Mastercard begründet das mit dem Konsumverhalten. Über Maestro, berichtet die FAZ mit Verweis auf das Unternehmen, lasse sich nur schwer in Onlineshops bezahlen. Die Karten mit dem roten Punkt seien deshalb aus der Zeit gefallen. "Rund die Hälfte aller Maestro-Transaktionen entfallen auf Deutschland", erklärt Jürgen Moormann von der Frankfurt School of Finance and Management dem Blatt gegenüber. Weltweit sei das Zahlmittel vernachlässigbar. "Für Mastercard ist es mühsam und teuer, dieses alte System weiterzuführen."
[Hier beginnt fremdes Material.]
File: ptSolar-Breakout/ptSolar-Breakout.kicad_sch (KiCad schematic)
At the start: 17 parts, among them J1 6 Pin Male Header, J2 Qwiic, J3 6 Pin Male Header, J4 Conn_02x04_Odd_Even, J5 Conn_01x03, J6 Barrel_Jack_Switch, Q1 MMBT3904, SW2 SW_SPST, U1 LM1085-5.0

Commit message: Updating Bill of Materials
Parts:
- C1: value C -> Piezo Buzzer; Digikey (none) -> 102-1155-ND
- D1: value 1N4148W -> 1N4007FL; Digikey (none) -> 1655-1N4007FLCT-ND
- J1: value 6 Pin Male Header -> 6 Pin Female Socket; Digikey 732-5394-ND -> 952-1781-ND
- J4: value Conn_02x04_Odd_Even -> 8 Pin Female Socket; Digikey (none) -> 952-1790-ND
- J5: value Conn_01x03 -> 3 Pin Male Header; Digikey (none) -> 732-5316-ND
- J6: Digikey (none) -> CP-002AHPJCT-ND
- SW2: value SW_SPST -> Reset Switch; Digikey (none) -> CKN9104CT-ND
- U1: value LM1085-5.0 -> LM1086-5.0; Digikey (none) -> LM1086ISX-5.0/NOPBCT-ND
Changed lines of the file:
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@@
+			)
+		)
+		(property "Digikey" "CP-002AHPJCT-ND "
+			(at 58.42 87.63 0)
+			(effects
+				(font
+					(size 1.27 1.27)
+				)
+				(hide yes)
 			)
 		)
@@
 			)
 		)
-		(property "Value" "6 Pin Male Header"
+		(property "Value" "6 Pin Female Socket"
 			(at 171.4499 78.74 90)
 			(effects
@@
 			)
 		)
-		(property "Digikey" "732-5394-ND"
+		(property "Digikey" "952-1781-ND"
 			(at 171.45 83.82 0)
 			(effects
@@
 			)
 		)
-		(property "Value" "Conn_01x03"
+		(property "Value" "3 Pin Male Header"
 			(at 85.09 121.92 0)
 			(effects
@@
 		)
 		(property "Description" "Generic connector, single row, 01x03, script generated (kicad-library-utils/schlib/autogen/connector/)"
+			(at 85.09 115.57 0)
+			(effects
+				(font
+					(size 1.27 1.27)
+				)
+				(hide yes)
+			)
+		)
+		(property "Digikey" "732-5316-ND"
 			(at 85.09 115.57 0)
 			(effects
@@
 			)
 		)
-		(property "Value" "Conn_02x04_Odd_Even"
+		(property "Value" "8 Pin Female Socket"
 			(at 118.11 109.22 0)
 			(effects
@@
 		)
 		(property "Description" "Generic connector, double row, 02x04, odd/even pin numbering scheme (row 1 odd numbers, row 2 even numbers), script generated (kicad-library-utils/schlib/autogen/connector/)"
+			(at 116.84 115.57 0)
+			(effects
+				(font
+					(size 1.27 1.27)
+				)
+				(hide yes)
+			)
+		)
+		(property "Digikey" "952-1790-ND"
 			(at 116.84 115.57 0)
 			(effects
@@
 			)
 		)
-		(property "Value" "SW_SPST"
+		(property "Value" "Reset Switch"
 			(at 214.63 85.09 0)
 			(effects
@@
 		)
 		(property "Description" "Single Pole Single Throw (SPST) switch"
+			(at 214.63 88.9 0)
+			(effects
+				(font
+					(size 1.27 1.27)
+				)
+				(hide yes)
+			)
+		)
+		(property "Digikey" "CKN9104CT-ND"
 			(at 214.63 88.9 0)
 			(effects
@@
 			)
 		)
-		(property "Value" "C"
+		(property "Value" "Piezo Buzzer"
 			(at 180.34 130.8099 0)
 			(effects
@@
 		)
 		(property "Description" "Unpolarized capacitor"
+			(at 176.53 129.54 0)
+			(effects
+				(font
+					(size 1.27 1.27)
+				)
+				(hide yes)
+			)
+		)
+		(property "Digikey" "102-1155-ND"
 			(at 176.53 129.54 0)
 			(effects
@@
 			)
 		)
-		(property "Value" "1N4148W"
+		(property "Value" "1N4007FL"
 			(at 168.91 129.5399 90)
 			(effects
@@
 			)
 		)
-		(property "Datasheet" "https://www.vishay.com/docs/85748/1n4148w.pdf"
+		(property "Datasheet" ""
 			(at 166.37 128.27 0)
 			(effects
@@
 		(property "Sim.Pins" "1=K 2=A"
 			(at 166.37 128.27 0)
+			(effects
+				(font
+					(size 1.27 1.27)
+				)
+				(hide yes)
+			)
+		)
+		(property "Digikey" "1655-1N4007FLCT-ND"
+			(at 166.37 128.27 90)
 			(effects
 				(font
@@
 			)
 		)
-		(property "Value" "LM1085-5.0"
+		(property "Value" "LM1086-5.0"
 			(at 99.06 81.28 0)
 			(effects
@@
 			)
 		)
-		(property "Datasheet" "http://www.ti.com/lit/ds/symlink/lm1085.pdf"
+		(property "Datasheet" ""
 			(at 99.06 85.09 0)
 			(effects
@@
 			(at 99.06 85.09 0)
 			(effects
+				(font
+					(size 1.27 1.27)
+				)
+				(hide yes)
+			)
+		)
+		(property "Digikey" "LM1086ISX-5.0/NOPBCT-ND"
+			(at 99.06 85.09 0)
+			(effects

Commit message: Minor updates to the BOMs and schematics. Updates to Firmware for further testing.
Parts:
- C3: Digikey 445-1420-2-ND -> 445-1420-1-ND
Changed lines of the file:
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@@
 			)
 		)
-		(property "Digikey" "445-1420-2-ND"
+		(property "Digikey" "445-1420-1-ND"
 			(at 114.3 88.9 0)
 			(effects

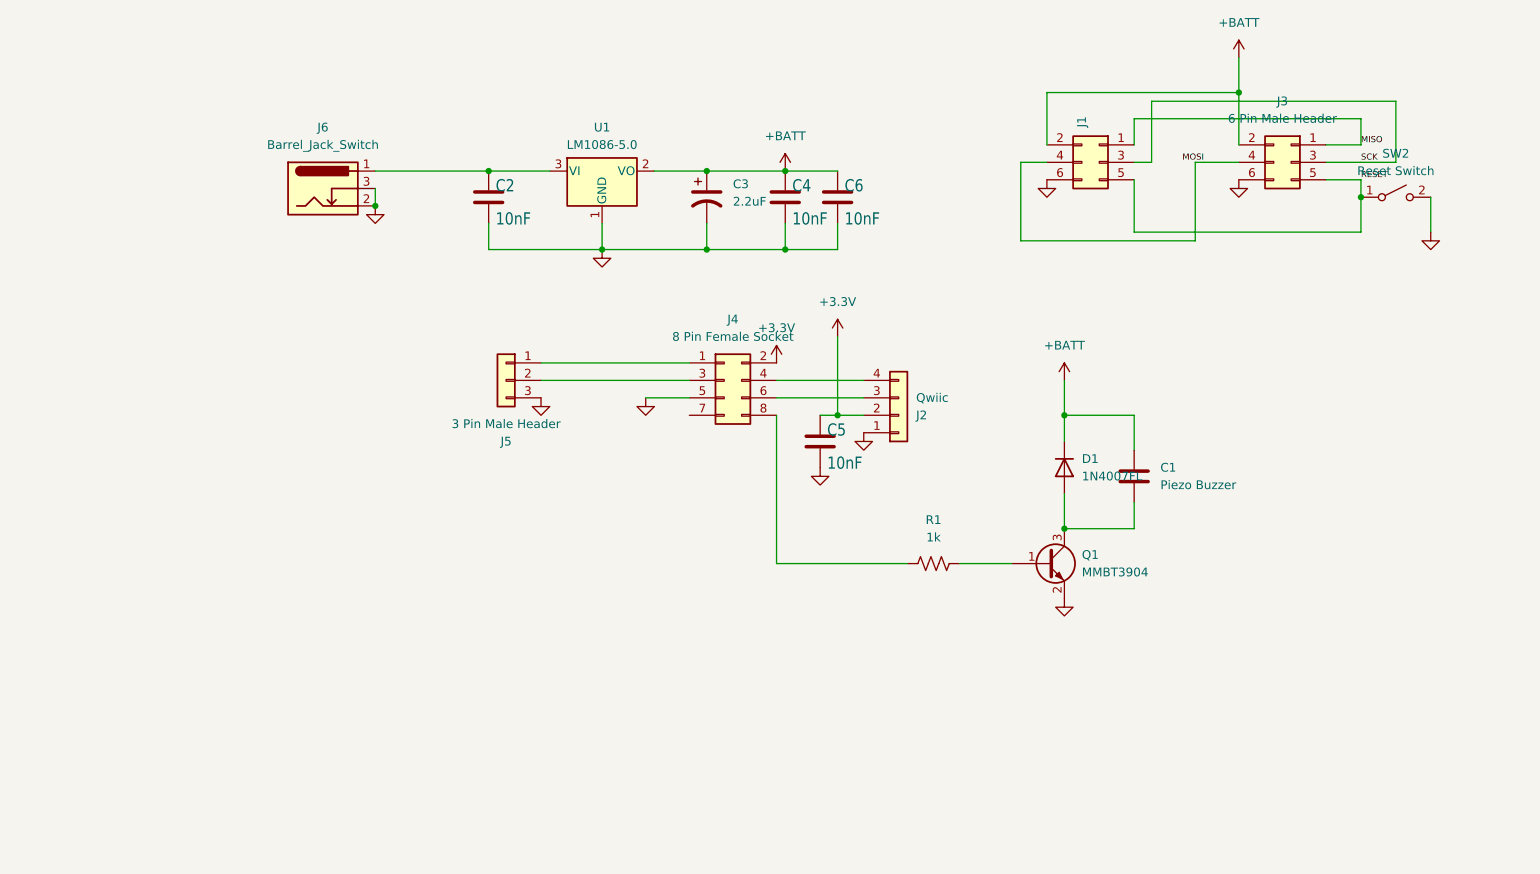
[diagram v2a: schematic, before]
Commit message: Updated Breakboard to v1.1.1. Added BME280 on board. Improved silkscreening. Updated to Kicad v9.
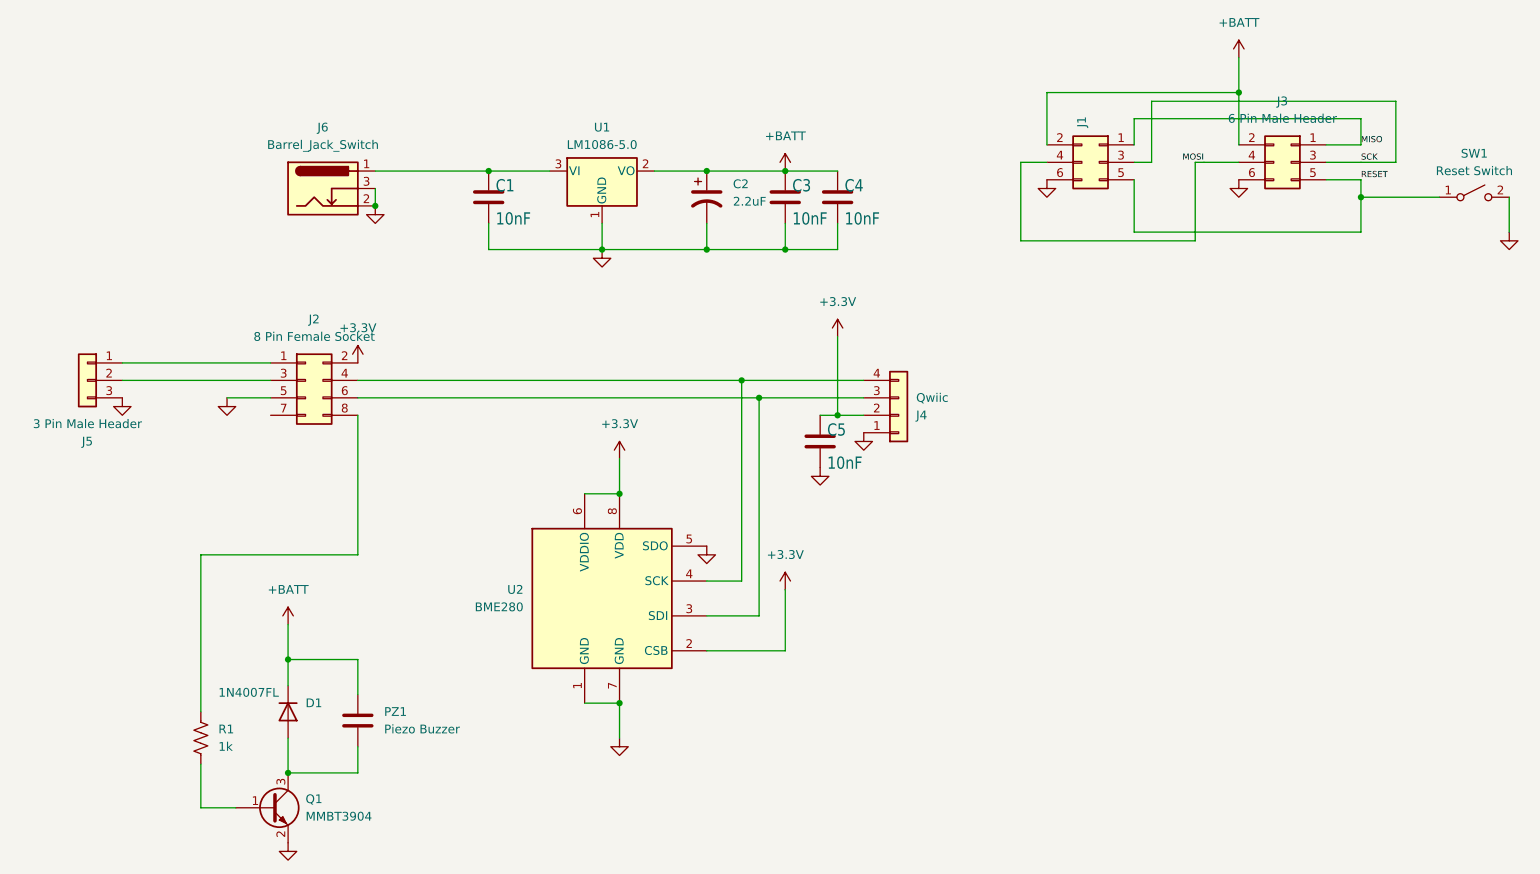
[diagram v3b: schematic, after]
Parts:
- added U2: BME280, Package_LGA:Bosch_LGA-8_2.5x2.5mm_P0.65mm_ClockwisePinNumbering, symbol Sensor:BME280
- PZ1: renamed from C1; footprint Capacitor_THT:CP_Radial_D12.5mm_P7.50mm -> Buzzer_Beeper:Buzzer_TDK_PS1240P02BT_D12.2mm_H6.5mm
- SW1: renamed from SW2; footprint Button_Switch_SMD:SW_SPST_B3S-1000 -> Button_Switch_SMD:SW_SPST_PTS647_Sx38
- renumbered C2 to C1, C3 to C2, C4 to C3, C6 to C4, J4 to J2, J2 to J4
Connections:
- net +3.3V: now also U2.2 (CSB), U2.6 (VDDIO), U2.8 (VDD)
- net GND: now also U2.1 (GND), U2.5 (SDO), U2.7 (GND)
- net at J2.6 (Pin_6), J4.3 (Pin_3): now also U2.3 (SDI)
- net at J2.4 (Pin_4), J4.4 (Pin_4): now also U2.4 (SCK)
- net at Q1.1 (B): now also R1.1; no longer R1.2
- net at J2.8 (Pin_8): now also R1.2; no longer R1.1
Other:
- moved on the sheet: D1, J2, J5, PZ1, Q1, R1, SW1

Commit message: Updated v1.1.2 with FET switch to shut down GPS. Generated Gerbers and sent off for manufacture.
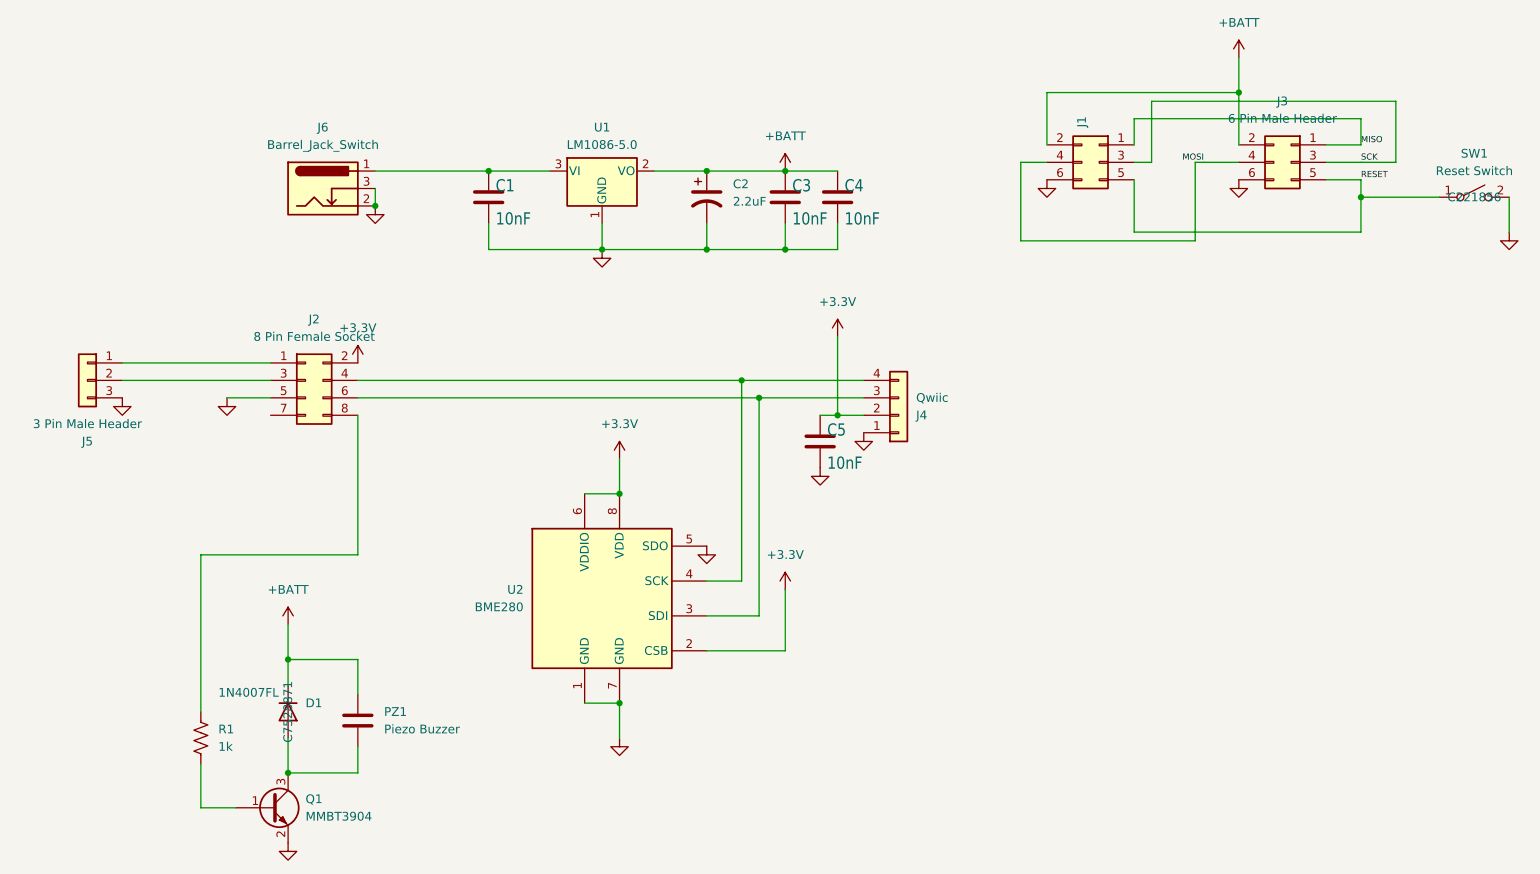
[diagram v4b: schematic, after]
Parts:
- C1, C3, C4, C5: LCSC (none) -> C83170
- C2: LCSC (none) -> C107128
- D1: LCSC (none) -> C7528871
- J4: LCSC (none) -> C160404
- J6: LCSC (none) -> C22434687
- Q1: LCSC (none) -> C81464
- R1: LCSC (none) -> C95781
- SW1: LCSC (none) -> C221856
- U1: LCSC (none) -> C5145331
- U2: LCSC (none) -> C92489

Ist damit das endgültige Aus der EC-Karte beschlossen? Noch nicht so ganz - Experten fürchten aber genau das. Auch der große Maestro-Konkurrent Visa, der mit VPay ein ähnliches System im Angebot hat, denkt der FAZ zufolge über eine Einstellung nach. Bestätigt ist das aber noch nicht. Bis dahin hat die Girocard zumindest in Deutschland also noch eine Gnadenfrist.